Go through the material line by line and copy each one with the word "units".
----- Stored data
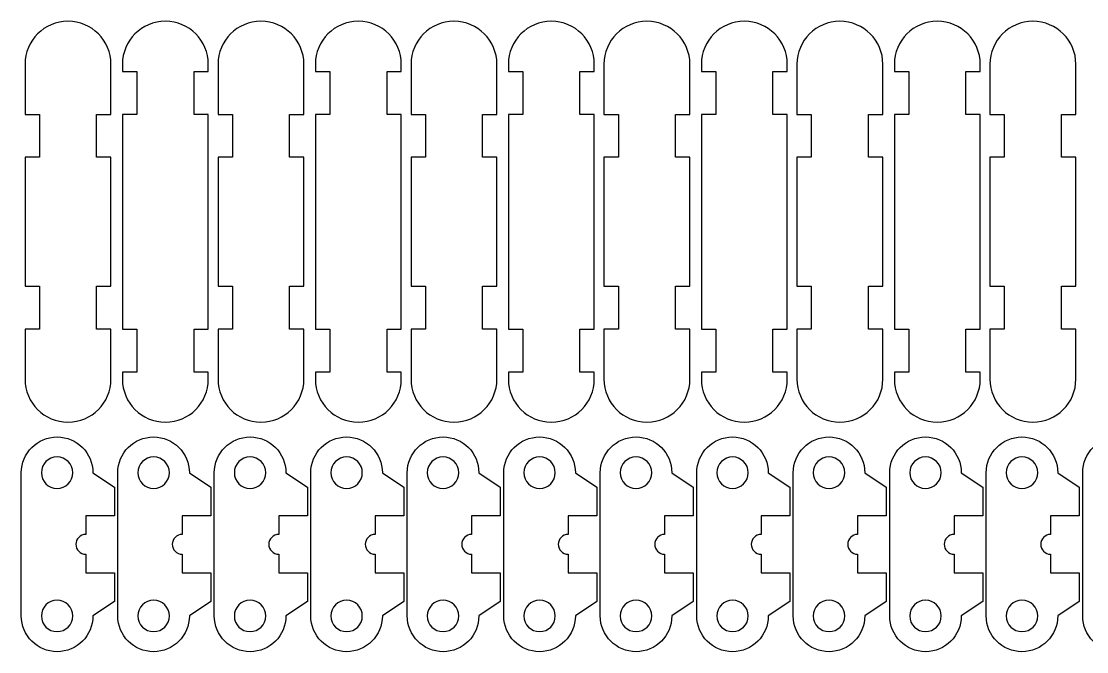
# Model space of a CAD drawing. Header units: inches. Extents: x 1117 to 1992, y -2324 to -585.
# Drawn here: x 1520.1 to 1594.5, y -2239.3 to -2195.3 of the extents above; entities that cross this region are included whole.
import ezdxf

# ---------------------------------------------------------------- set-up
doc = ezdxf.new("R2010")
doc.units = ezdxf.units.IN
doc.header["$MEASUREMENT"] = 0
doc.layers.add('Layer 1', color=7, linetype='Continuous')

msp = doc.modelspace()

# ---------------------------------------------------------------- linework, layer by layer
at = {"layer": 'Layer 1', "color": 18, "lineweight": 30, "true_color": 0x010101}
for points, knots in [([(1520.374, -2220.304), (1520.374, -2220.304), (1520.374, -2216.804), (1520.374, -2216.804), (1520.374, -2216.804), (1521.375, -2216.804), (1521.375, -2216.804), (1521.375, -2216.804), (1521.375, -2213.804), (1521.375, -2213.804), (1521.375, -2213.804), (1520.374, -2213.804), (1520.374, -2213.804), (1520.374, -2213.804), (1520.374, -2204.803), (1520.374, -2204.803), (1520.374, -2204.803), (1521.375, -2204.803), (1521.375, -2204.803), (1521.375, -2204.803), (1521.375, -2201.803), (1521.375, -2201.803), (1521.375, -2201.803), (1520.374, -2201.803), (1520.374, -2201.803), (1520.374, -2201.803), (1520.374, -2198.303), (1520.374, -2198.303), (1520.374, -2196.647), (1521.717, -2195.303), (1523.374, -2195.303), (1525.03, -2195.303), (1526.374, -2196.647), (1526.374, -2198.303), (1526.374, -2198.303), (1526.374, -2201.803), (1526.374, -2201.803), (1526.374, -2201.803), (1525.376, -2201.803), (1525.376, -2201.803), (1525.376, -2201.803), (1525.376, -2204.803), (1525.376, -2204.803), (1525.376, -2204.803), (1526.374, -2204.803), (1526.374, -2204.803), (1526.374, -2204.803), (1526.374, -2213.804), (1526.374, -2213.804), (1526.374, -2213.804), (1525.376, -2213.804), (1525.376, -2213.804), (1525.376, -2213.804), (1525.376, -2216.804), (1525.376, -2216.804), (1525.376, -2216.804), (1526.374, -2216.804), (1526.374, -2216.804), (1526.374, -2216.804), (1526.374, -2220.304), (1526.374, -2220.304), (1526.374, -2221.961), (1525.03, -2223.304), (1523.374, -2223.304), (1521.717, -2223.304), (1520.374, -2221.961), (1520.374, -2220.304)], [0, 0, 0, 0, 1, 1, 1, 2, 2, 2, 3, 3, 3, 4, 4, 4, 5, 5, 5, 6, 6, 6, 7, 7, 7, 8, 8, 8, 9, 9, 9, 10, 10, 10, 11, 11, 11, 12, 12, 12, 13, 13, 13, 14, 14, 14, 15, 15, 15, 16, 16, 16, 17, 17, 17, 18, 18, 18, 19, 19, 19, 20, 20, 20, 21, 21, 21, 22, 22, 22, 22]), ([(1527.175, -2220.304), (1527.175, -2220.304), (1527.175, -2219.805), (1527.175, -2219.805), (1527.175, -2219.805), (1528.176, -2219.805), (1528.176, -2219.805), (1528.176, -2219.805), (1528.176, -2216.805), (1528.176, -2216.805), (1528.176, -2216.805), (1527.175, -2216.805), (1527.175, -2216.805), (1527.175, -2216.805), (1527.175, -2201.805), (1527.175, -2201.805), (1527.175, -2201.805), (1528.176, -2201.805), (1528.176, -2201.805), (1528.176, -2201.805), (1528.176, -2198.804), (1528.176, -2198.804), (1528.176, -2198.804), (1527.175, -2198.804), (1527.175, -2198.804), (1527.175, -2198.804), (1527.175, -2198.303), (1527.175, -2198.303), (1527.175, -2196.647), (1528.518, -2195.303), (1530.175, -2195.303), (1531.832, -2195.303), (1533.175, -2196.647), (1533.175, -2198.303), (1533.175, -2198.303), (1533.175, -2198.804), (1533.175, -2198.804), (1533.175, -2198.804), (1532.177, -2198.804), (1532.177, -2198.804), (1532.177, -2198.804), (1532.177, -2201.805), (1532.177, -2201.805), (1532.177, -2201.805), (1533.175, -2201.805), (1533.175, -2201.805), (1533.175, -2201.805), (1533.175, -2216.805), (1533.175, -2216.805), (1533.175, -2216.805), (1532.177, -2216.805), (1532.177, -2216.805), (1532.177, -2216.805), (1532.177, -2219.805), (1532.177, -2219.805), (1532.177, -2219.805), (1533.175, -2219.805), (1533.175, -2219.805), (1533.175, -2219.805), (1533.175, -2220.304), (1533.175, -2220.304), (1533.175, -2221.961), (1531.832, -2223.304), (1530.175, -2223.304), (1528.518, -2223.304), (1527.175, -2221.961), (1527.175, -2220.304)], [0, 0, 0, 0, 1, 1, 1, 2, 2, 2, 3, 3, 3, 4, 4, 4, 5, 5, 5, 6, 6, 6, 7, 7, 7, 8, 8, 8, 9, 9, 9, 10, 10, 10, 11, 11, 11, 12, 12, 12, 13, 13, 13, 14, 14, 14, 15, 15, 15, 16, 16, 16, 17, 17, 17, 18, 18, 18, 19, 19, 19, 20, 20, 20, 21, 21, 21, 22, 22, 22, 22]), ([(1533.854, -2220.304), (1533.854, -2220.304), (1533.854, -2216.804), (1533.854, -2216.804), (1533.854, -2216.804), (1534.855, -2216.804), (1534.855, -2216.804), (1534.855, -2216.804), (1534.855, -2213.804), (1534.855, -2213.804), (1534.855, -2213.804), (1533.854, -2213.804), (1533.854, -2213.804), (1533.854, -2213.804), (1533.854, -2204.803), (1533.854, -2204.803), (1533.854, -2204.803), (1534.855, -2204.803), (1534.855, -2204.803), (1534.855, -2204.803), (1534.855, -2201.803), (1534.855, -2201.803), (1534.855, -2201.803), (1533.854, -2201.803), (1533.854, -2201.803), (1533.854, -2201.803), (1533.854, -2198.303), (1533.854, -2198.303), (1533.854, -2196.647), (1535.197, -2195.303), (1536.854, -2195.303), (1538.51, -2195.303), (1539.854, -2196.647), (1539.854, -2198.303), (1539.854, -2198.303), (1539.854, -2201.803), (1539.854, -2201.803), (1539.854, -2201.803), (1538.856, -2201.803), (1538.856, -2201.803), (1538.856, -2201.803), (1538.856, -2204.803), (1538.856, -2204.803), (1538.856, -2204.803), (1539.854, -2204.803), (1539.854, -2204.803), (1539.854, -2204.803), (1539.854, -2213.804), (1539.854, -2213.804), (1539.854, -2213.804), (1538.856, -2213.804), (1538.856, -2213.804), (1538.856, -2213.804), (1538.856, -2216.804), (1538.856, -2216.804), (1538.856, -2216.804), (1539.854, -2216.804), (1539.854, -2216.804), (1539.854, -2216.804), (1539.854, -2220.304), (1539.854, -2220.304), (1539.854, -2221.961), (1538.51, -2223.304), (1536.854, -2223.304), (1535.197, -2223.304), (1533.854, -2221.961), (1533.854, -2220.304)], [0, 0, 0, 0, 1, 1, 1, 2, 2, 2, 3, 3, 3, 4, 4, 4, 5, 5, 5, 6, 6, 6, 7, 7, 7, 8, 8, 8, 9, 9, 9, 10, 10, 10, 11, 11, 11, 12, 12, 12, 13, 13, 13, 14, 14, 14, 15, 15, 15, 16, 16, 16, 17, 17, 17, 18, 18, 18, 19, 19, 19, 20, 20, 20, 21, 21, 21, 22, 22, 22, 22]), ([(1540.655, -2220.304), (1540.655, -2220.304), (1540.655, -2219.805), (1540.655, -2219.805), (1540.655, -2219.805), (1541.656, -2219.805), (1541.656, -2219.805), (1541.656, -2219.805), (1541.656, -2216.805), (1541.656, -2216.805), (1541.656, -2216.805), (1540.655, -2216.805), (1540.655, -2216.805), (1540.655, -2216.805), (1540.655, -2201.805), (1540.655, -2201.805), (1540.655, -2201.805), (1541.656, -2201.805), (1541.656, -2201.805), (1541.656, -2201.805), (1541.656, -2198.804), (1541.656, -2198.804), (1541.656, -2198.804), (1540.655, -2198.804), (1540.655, -2198.804), (1540.655, -2198.804), (1540.655, -2198.303), (1540.655, -2198.303), (1540.655, -2196.647), (1541.998, -2195.303), (1543.655, -2195.303), (1545.312, -2195.303), (1546.655, -2196.647), (1546.655, -2198.303), (1546.655, -2198.303), (1546.655, -2198.804), (1546.655, -2198.804), (1546.655, -2198.804), (1545.657, -2198.804), (1545.657, -2198.804), (1545.657, -2198.804), (1545.657, -2201.805), (1545.657, -2201.805), (1545.657, -2201.805), (1546.655, -2201.805), (1546.655, -2201.805), (1546.655, -2201.805), (1546.655, -2216.805), (1546.655, -2216.805), (1546.655, -2216.805), (1545.657, -2216.805), (1545.657, -2216.805), (1545.657, -2216.805), (1545.657, -2219.805), (1545.657, -2219.805), (1545.657, -2219.805), (1546.655, -2219.805), (1546.655, -2219.805), (1546.655, -2219.805), (1546.655, -2220.304), (1546.655, -2220.304), (1546.655, -2221.961), (1545.312, -2223.304), (1543.655, -2223.304), (1541.998, -2223.304), (1540.655, -2221.961), (1540.655, -2220.304)], [0, 0, 0, 0, 1, 1, 1, 2, 2, 2, 3, 3, 3, 4, 4, 4, 5, 5, 5, 6, 6, 6, 7, 7, 7, 8, 8, 8, 9, 9, 9, 10, 10, 10, 11, 11, 11, 12, 12, 12, 13, 13, 13, 14, 14, 14, 15, 15, 15, 16, 16, 16, 17, 17, 17, 18, 18, 18, 19, 19, 19, 20, 20, 20, 21, 21, 21, 22, 22, 22, 22]), ([(1547.334, -2220.304), (1547.334, -2220.304), (1547.334, -2216.804), (1547.334, -2216.804), (1547.334, -2216.804), (1548.335, -2216.804), (1548.335, -2216.804), (1548.335, -2216.804), (1548.335, -2213.804), (1548.335, -2213.804), (1548.335, -2213.804), (1547.334, -2213.804), (1547.334, -2213.804), (1547.334, -2213.804), (1547.334, -2204.803), (1547.334, -2204.803), (1547.334, -2204.803), (1548.335, -2204.803), (1548.335, -2204.803), (1548.335, -2204.803), (1548.335, -2201.803), (1548.335, -2201.803), (1548.335, -2201.803), (1547.334, -2201.803), (1547.334, -2201.803), (1547.334, -2201.803), (1547.334, -2198.303), (1547.334, -2198.303), (1547.334, -2196.647), (1548.678, -2195.303), (1550.334, -2195.303), (1551.99, -2195.303), (1553.334, -2196.647), (1553.334, -2198.303), (1553.334, -2198.303), (1553.334, -2201.803), (1553.334, -2201.803), (1553.334, -2201.803), (1552.336, -2201.803), (1552.336, -2201.803), (1552.336, -2201.803), (1552.336, -2204.803), (1552.336, -2204.803), (1552.336, -2204.803), (1553.334, -2204.803), (1553.334, -2204.803), (1553.334, -2204.803), (1553.334, -2213.804), (1553.334, -2213.804), (1553.334, -2213.804), (1552.336, -2213.804), (1552.336, -2213.804), (1552.336, -2213.804), (1552.336, -2216.804), (1552.336, -2216.804), (1552.336, -2216.804), (1553.334, -2216.804), (1553.334, -2216.804), (1553.334, -2216.804), (1553.334, -2220.304), (1553.334, -2220.304), (1553.334, -2221.961), (1551.99, -2223.304), (1550.334, -2223.304), (1548.678, -2223.304), (1547.334, -2221.961), (1547.334, -2220.304)], [0, 0, 0, 0, 1, 1, 1, 2, 2, 2, 3, 3, 3, 4, 4, 4, 5, 5, 5, 6, 6, 6, 7, 7, 7, 8, 8, 8, 9, 9, 9, 10, 10, 10, 11, 11, 11, 12, 12, 12, 13, 13, 13, 14, 14, 14, 15, 15, 15, 16, 16, 16, 17, 17, 17, 18, 18, 18, 19, 19, 19, 20, 20, 20, 21, 21, 21, 22, 22, 22, 22]), ([(1554.135, -2220.304), (1554.135, -2220.304), (1554.135, -2219.805), (1554.135, -2219.805), (1554.135, -2219.805), (1555.136, -2219.805), (1555.136, -2219.805), (1555.136, -2219.805), (1555.136, -2216.805), (1555.136, -2216.805), (1555.136, -2216.805), (1554.135, -2216.805), (1554.135, -2216.805), (1554.135, -2216.805), (1554.135, -2201.805), (1554.135, -2201.805), (1554.135, -2201.805), (1555.136, -2201.805), (1555.136, -2201.805), (1555.136, -2201.805), (1555.136, -2198.804), (1555.136, -2198.804), (1555.136, -2198.804), (1554.135, -2198.804), (1554.135, -2198.804), (1554.135, -2198.804), (1554.135, -2198.303), (1554.135, -2198.303), (1554.135, -2196.647), (1555.478, -2195.303), (1557.135, -2195.303), (1558.792, -2195.303), (1560.135, -2196.647), (1560.135, -2198.303), (1560.135, -2198.303), (1560.135, -2198.804), (1560.135, -2198.804), (1560.135, -2198.804), (1559.137, -2198.804), (1559.137, -2198.804), (1559.137, -2198.804), (1559.137, -2201.805), (1559.137, -2201.805), (1559.137, -2201.805), (1560.135, -2201.805), (1560.135, -2201.805), (1560.135, -2201.805), (1560.135, -2216.805), (1560.135, -2216.805), (1560.135, -2216.805), (1559.137, -2216.805), (1559.137, -2216.805), (1559.137, -2216.805), (1559.137, -2219.805), (1559.137, -2219.805), (1559.137, -2219.805), (1560.135, -2219.805), (1560.135, -2219.805), (1560.135, -2219.805), (1560.135, -2220.304), (1560.135, -2220.304), (1560.135, -2221.961), (1558.792, -2223.304), (1557.135, -2223.304), (1555.478, -2223.304), (1554.135, -2221.961), (1554.135, -2220.304)], [0, 0, 0, 0, 1, 1, 1, 2, 2, 2, 3, 3, 3, 4, 4, 4, 5, 5, 5, 6, 6, 6, 7, 7, 7, 8, 8, 8, 9, 9, 9, 10, 10, 10, 11, 11, 11, 12, 12, 12, 13, 13, 13, 14, 14, 14, 15, 15, 15, 16, 16, 16, 17, 17, 17, 18, 18, 18, 19, 19, 19, 20, 20, 20, 21, 21, 21, 22, 22, 22, 22]), ([(1560.813, -2220.304), (1560.813, -2220.304), (1560.813, -2216.804), (1560.813, -2216.804), (1560.813, -2216.804), (1561.815, -2216.804), (1561.815, -2216.804), (1561.815, -2216.804), (1561.815, -2213.804), (1561.815, -2213.804), (1561.815, -2213.804), (1560.813, -2213.804), (1560.813, -2213.804), (1560.813, -2213.804), (1560.813, -2204.803), (1560.813, -2204.803), (1560.813, -2204.803), (1561.815, -2204.803), (1561.815, -2204.803), (1561.815, -2204.803), (1561.815, -2201.803), (1561.815, -2201.803), (1561.815, -2201.803), (1560.813, -2201.803), (1560.813, -2201.803), (1560.813, -2201.803), (1560.813, -2198.303), (1560.813, -2198.303), (1560.813, -2196.647), (1562.158, -2195.303), (1563.814, -2195.303), (1565.47, -2195.303), (1566.814, -2196.647), (1566.814, -2198.303), (1566.814, -2198.303), (1566.814, -2201.803), (1566.814, -2201.803), (1566.814, -2201.803), (1565.816, -2201.803), (1565.816, -2201.803), (1565.816, -2201.803), (1565.816, -2204.803), (1565.816, -2204.803), (1565.816, -2204.803), (1566.814, -2204.803), (1566.814, -2204.803), (1566.814, -2204.803), (1566.814, -2213.804), (1566.814, -2213.804), (1566.814, -2213.804), (1565.816, -2213.804), (1565.816, -2213.804), (1565.816, -2213.804), (1565.816, -2216.804), (1565.816, -2216.804), (1565.816, -2216.804), (1566.814, -2216.804), (1566.814, -2216.804), (1566.814, -2216.804), (1566.814, -2220.304), (1566.814, -2220.304), (1566.814, -2221.961), (1565.47, -2223.304), (1563.814, -2223.304), (1562.158, -2223.304), (1560.813, -2221.961), (1560.813, -2220.304)], [0, 0, 0, 0, 1, 1, 1, 2, 2, 2, 3, 3, 3, 4, 4, 4, 5, 5, 5, 6, 6, 6, 7, 7, 7, 8, 8, 8, 9, 9, 9, 10, 10, 10, 11, 11, 11, 12, 12, 12, 13, 13, 13, 14, 14, 14, 15, 15, 15, 16, 16, 16, 17, 17, 17, 18, 18, 18, 19, 19, 19, 20, 20, 20, 21, 21, 21, 22, 22, 22, 22]), ([(1567.615, -2220.304), (1567.615, -2220.304), (1567.615, -2219.805), (1567.615, -2219.805), (1567.615, -2219.805), (1568.616, -2219.805), (1568.616, -2219.805), (1568.616, -2219.805), (1568.616, -2216.805), (1568.616, -2216.805), (1568.616, -2216.805), (1567.615, -2216.805), (1567.615, -2216.805), (1567.615, -2216.805), (1567.615, -2201.805), (1567.615, -2201.805), (1567.615, -2201.805), (1568.616, -2201.805), (1568.616, -2201.805), (1568.616, -2201.805), (1568.616, -2198.804), (1568.616, -2198.804), (1568.616, -2198.804), (1567.615, -2198.804), (1567.615, -2198.804), (1567.615, -2198.804), (1567.615, -2198.303), (1567.615, -2198.303), (1567.615, -2196.647), (1568.958, -2195.303), (1570.615, -2195.303), (1572.272, -2195.303), (1573.615, -2196.647), (1573.615, -2198.303), (1573.615, -2198.303), (1573.615, -2198.804), (1573.615, -2198.804), (1573.615, -2198.804), (1572.616, -2198.804), (1572.616, -2198.804), (1572.616, -2198.804), (1572.616, -2201.805), (1572.616, -2201.805), (1572.616, -2201.805), (1573.615, -2201.805), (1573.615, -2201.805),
----------
Output below:
# Model space of a CAD drawing. Header units: inches. Extents: x 1117 to 1992, y -2324 to -585.
doc.units = ezdxf.units.IN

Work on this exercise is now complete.